BBSRC-funded researchers at Cambridge University have shed new light on a common food poisoning bug. Using real-time video microscopy, coupled with mathematical modelling, they have changed our assumptions about Salmonella and how it infects human cells. The research was published in Interface.
Salmonella is an important bacterium to study as it causes a range of diseases in humans and animals. It is capable of growing and reproducing inside macrophages - a type of white blood cell that ingests foreign material - ultimately destroying them. These macrophage cells are key players in the immune response to invaders and so the control of Salmonella within these cells is critical to surviving an infection.
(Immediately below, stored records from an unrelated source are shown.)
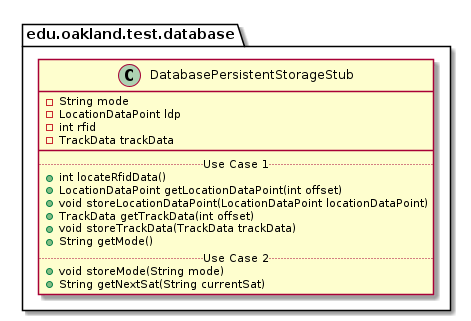

The diagram above was rendered by PlantUML. Its source (embedded in the PNG):
@startuml DatabasePersistentStorageStub

package edu.oakland.test.database {
    class DatabasePersistentStorageStub {
        - String mode
        - LocationDataPoint ldp
        - int rfid
        - TrackData trackData
        __
        .. Use Case 1 ..
        + int locateRfidData()
        + LocationDataPoint getLocationDataPoint(int offset)
        + void storeLocationDataPoint(LocationDataPoint locationDataPoint)
        + TrackData getTrackData(int offset)
        + void storeTrackData(TrackData trackData)
        + String getMode()
        .. Use Case 2 ..
        + void storeMode(String mode)
        + String getNextSat(String currentSat)
    }
}

@enduml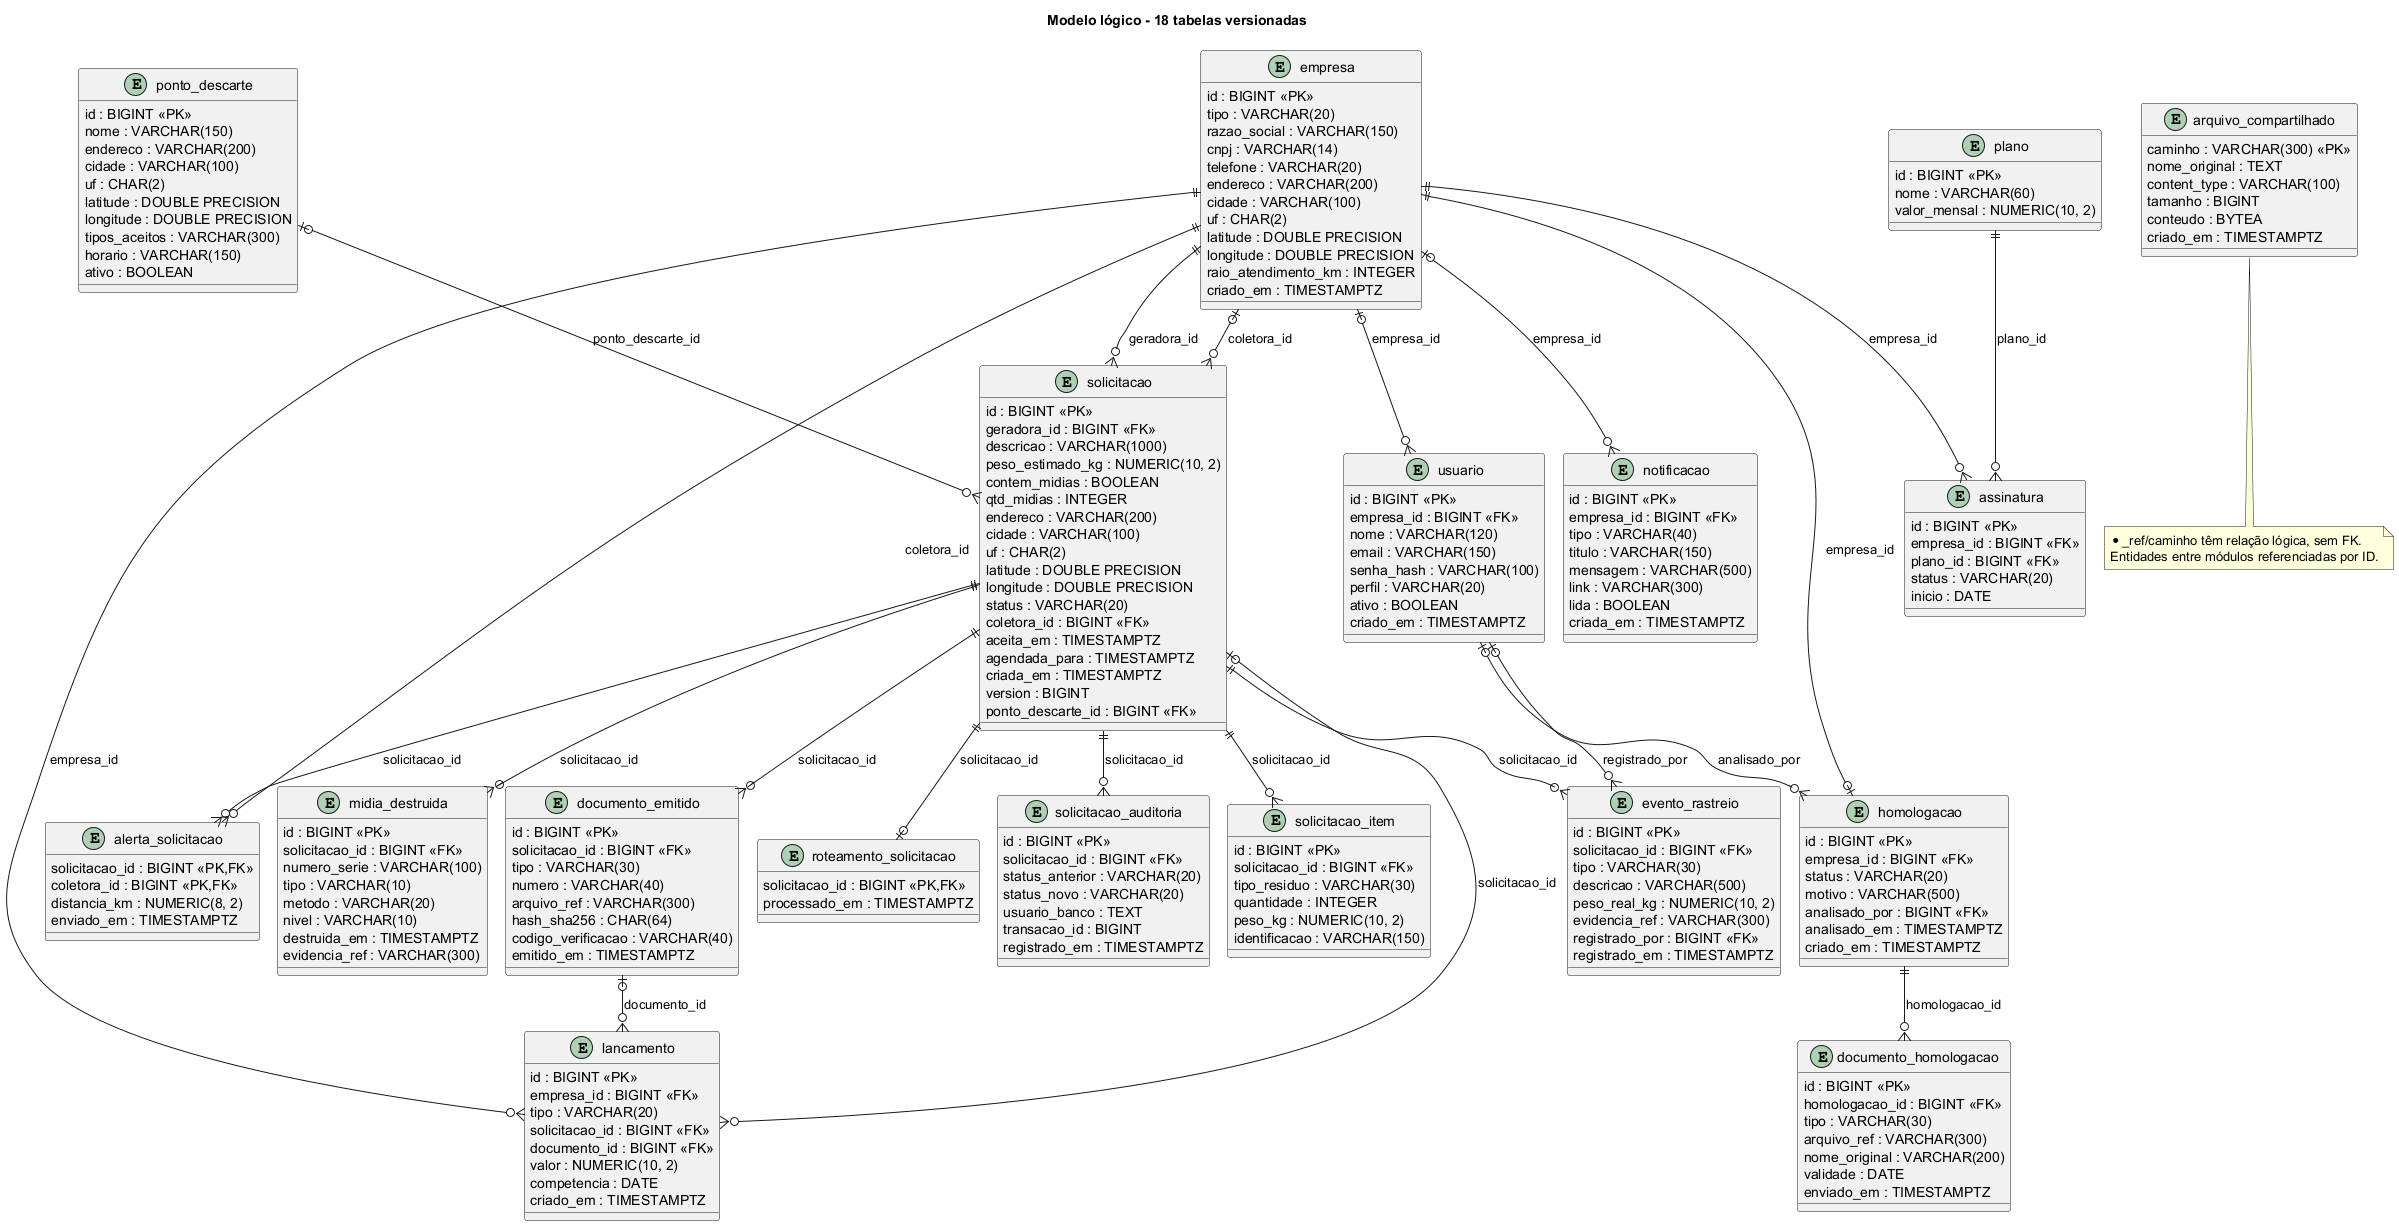

The diagram above was rendered by PlantUML. Its source (embedded in the PNG):
@startuml
!pragma layout smetana
title Modelo lógico - 18 tabelas versionadas
entity empresa {
  {field} id : BIGINT <<PK>>
  {field} tipo : VARCHAR(20)
  {field} razao_social : VARCHAR(150)
  {field} cnpj : VARCHAR(14)
  {field} telefone : VARCHAR(20)
  {field} endereco : VARCHAR(200)
  {field} cidade : VARCHAR(100)
  {field} uf : CHAR(2)
  {field} latitude : DOUBLE PRECISION
  {field} longitude : DOUBLE PRECISION
  {field} raio_atendimento_km : INTEGER
  {field} criado_em : TIMESTAMPTZ
}
entity usuario {
  {field} id : BIGINT <<PK>>
  {field} empresa_id : BIGINT <<FK>>
  {field} nome : VARCHAR(120)
  {field} email : VARCHAR(150)
  {field} senha_hash : VARCHAR(100)
  {field} perfil : VARCHAR(20)
  {field} ativo : BOOLEAN
  {field} criado_em : TIMESTAMPTZ
}
entity homologacao {
  {field} id : BIGINT <<PK>>
  {field} empresa_id : BIGINT <<FK>>
  {field} status : VARCHAR(20)
  {field} motivo : VARCHAR(500)
  {field} analisado_por : BIGINT <<FK>>
  {field} analisado_em : TIMESTAMPTZ
  {field} criado_em : TIMESTAMPTZ
}
entity documento_homologacao {
  {field} id : BIGINT <<PK>>
  {field} homologacao_id : BIGINT <<FK>>
  {field} tipo : VARCHAR(30)
  {field} arquivo_ref : VARCHAR(300)
  {field} nome_original : VARCHAR(200)
  {field} validade : DATE
  {field} enviado_em : TIMESTAMPTZ
}
entity solicitacao {
  {field} id : BIGINT <<PK>>
  {field} geradora_id : BIGINT <<FK>>
  {field} descricao : VARCHAR(1000)
  {field} peso_estimado_kg : NUMERIC(10, 2)
  {field} contem_midias : BOOLEAN
  {field} qtd_midias : INTEGER
  {field} endereco : VARCHAR(200)
  {field} cidade : VARCHAR(100)
  {field} uf : CHAR(2)
  {field} latitude : DOUBLE PRECISION
  {field} longitude : DOUBLE PRECISION
  {field} status : VARCHAR(20)
  {field} coletora_id : BIGINT <<FK>>
  {field} aceita_em : TIMESTAMPTZ
  {field} agendada_para : TIMESTAMPTZ
  {field} criada_em : TIMESTAMPTZ
  {field} version : BIGINT
  {field} ponto_descarte_id : BIGINT <<FK>>
}
entity solicitacao_item {
  {field} id : BIGINT <<PK>>
  {field} solicitacao_id : BIGINT <<FK>>
  {field} tipo_residuo : VARCHAR(30)
  {field} quantidade : INTEGER
  {field} peso_kg : NUMERIC(10, 2)
  {field} identificacao : VARCHAR(150)
}
entity alerta_solicitacao {
  {field} solicitacao_id : BIGINT <<PK,FK>>
  {field} coletora_id : BIGINT <<PK,FK>>
  {field} distancia_km : NUMERIC(8, 2)
  {field} enviado_em : TIMESTAMPTZ
}
entity evento_rastreio {
  {field} id : BIGINT <<PK>>
  {field} solicitacao_id : BIGINT <<FK>>
  {field} tipo : VARCHAR(30)
  {field} descricao : VARCHAR(500)
  {field} peso_real_kg : NUMERIC(10, 2)
  {field} evidencia_ref : VARCHAR(300)
  {field} registrado_por : BIGINT <<FK>>
  {field} registrado_em : TIMESTAMPTZ
}
entity midia_destruida {
  {field} id : BIGINT <<PK>>
  {field} solicitacao_id : BIGINT <<FK>>
  {field} numero_serie : VARCHAR(100)
  {field} tipo : VARCHAR(10)
  {field} metodo : VARCHAR(20)
  {field} nivel : VARCHAR(10)
  {field} destruida_em : TIMESTAMPTZ
  {field} evidencia_ref : VARCHAR(300)
}
entity documento_emitido {
  {field} id : BIGINT <<PK>>
  {field} solicitacao_id : BIGINT <<FK>>
  {field} tipo : VARCHAR(30)
  {field} numero : VARCHAR(40)
  {field} arquivo_ref : VARCHAR(300)
  {field} hash_sha256 : CHAR(64)
  {field} codigo_verificacao : VARCHAR(40)
  {field} emitido_em : TIMESTAMPTZ
}
entity notificacao {
  {field} id : BIGINT <<PK>>
  {field} empresa_id : BIGINT <<FK>>
  {field} tipo : VARCHAR(40)
  {field} titulo : VARCHAR(150)
  {field} mensagem : VARCHAR(500)
  {field} link : VARCHAR(300)
  {field} lida : BOOLEAN
  {field} criada_em : TIMESTAMPTZ
}
entity ponto_descarte {
  {field} id : BIGINT <<PK>>
  {field} nome : VARCHAR(150)
  {field} endereco : VARCHAR(200)
  {field} cidade : VARCHAR(100)
  {field} uf : CHAR(2)
  {field} latitude : DOUBLE PRECISION
  {field} longitude : DOUBLE PRECISION
  {field} tipos_aceitos : VARCHAR(300)
  {field} horario : VARCHAR(150)
  {field} ativo : BOOLEAN
}
entity plano {
  {field} id : BIGINT <<PK>>
  {field} nome : VARCHAR(60)
  {field} valor_mensal : NUMERIC(10, 2)
}
entity assinatura {
  {field} id : BIGINT <<PK>>
  {field} empresa_id : BIGINT <<FK>>
  {field} plano_id : BIGINT <<FK>>
  {field} status : VARCHAR(20)
  {field} inicio : DATE
}
entity lancamento {
  {field} id : BIGINT <<PK>>
  {field} empresa_id : BIGINT <<FK>>
  {field} tipo : VARCHAR(20)
  {field} solicitacao_id : BIGINT <<FK>>
  {field} documento_id : BIGINT <<FK>>
  {field} valor : NUMERIC(10, 2)
  {field} competencia : DATE
  {field} criado_em : TIMESTAMPTZ
}
entity arquivo_compartilhado {
  {field} caminho : VARCHAR(300) <<PK>>
  {field} nome_original : TEXT
  {field} content_type : VARCHAR(100)
  {field} tamanho : BIGINT
  {field} conteudo : BYTEA
  {field} criado_em : TIMESTAMPTZ
}
entity roteamento_solicitacao {
  {field} solicitacao_id : BIGINT <<PK,FK>>
  {field} processado_em : TIMESTAMPTZ
}
entity solicitacao_auditoria {
  {field} id : BIGINT <<PK>>
  {field} solicitacao_id : BIGINT <<FK>>
  {field} status_anterior : VARCHAR(20)
  {field} status_novo : VARCHAR(20)
  {field} usuario_banco : TEXT
  {field} transacao_id : BIGINT
  {field} registrado_em : TIMESTAMPTZ
}
empresa |o--o{ usuario : empresa_id
empresa ||--o| homologacao : empresa_id
usuario |o--o{ homologacao : analisado_por
homologacao ||--o{ documento_homologacao : homologacao_id
empresa ||--o{ solicitacao : geradora_id
empresa |o--o{ solicitacao : coletora_id
ponto_descarte |o--o{ solicitacao : ponto_descarte_id
solicitacao ||--o{ solicitacao_item : solicitacao_id
solicitacao ||--o{ alerta_solicitacao : solicitacao_id
empresa ||--o{ alerta_solicitacao : coletora_id
solicitacao ||--o{ evento_rastreio : solicitacao_id
usuario |o--o{ evento_rastreio : registrado_por
solicitacao ||--o{ midia_destruida : solicitacao_id
solicitacao ||--o{ documento_emitido : solicitacao_id
empresa |o--o{ notificacao : empresa_id
empresa ||--o{ assinatura : empresa_id
plano ||--o{ assinatura : plano_id
empresa ||--o{ lancamento : empresa_id
solicitacao |o--o{ lancamento : solicitacao_id
documento_emitido |o--o{ lancamento : documento_id
solicitacao ||--o| roteamento_solicitacao : solicitacao_id
solicitacao ||--o{ solicitacao_auditoria : solicitacao_id
note bottom of arquivo_compartilhado
*_ref/caminho têm relação lógica, sem FK.
Entidades entre módulos referenciadas por ID.
end note
@enduml

However, fundamentally important factors in infection events - such as the rate at which Salmonella infects cells, how frequently this occurs and the probability of infection - had not previously been calculated because it was thought impossible to do so.
Dr Bryant, from the University of Cambridge, said: "Understanding how these bacteria invade, survive, proliferate and kill vital macrophage cells provides a wealth of knowledge to help improve our health. For the first time, we have been able to calculate the rate at which Salmonella can infect macrophages and we have also seen evidence of dual infection and reinfection of a single cell."
Instead of relying on figures from large populations of infected cells, such as changes in total bacterial number over time, finer measurements of the individual steps of infection were considered. The researchers used two independent approaches for their calculations: mathematical modelling of Salmonella infection experiments, and analysis of real-time video microscopy of individual infection events.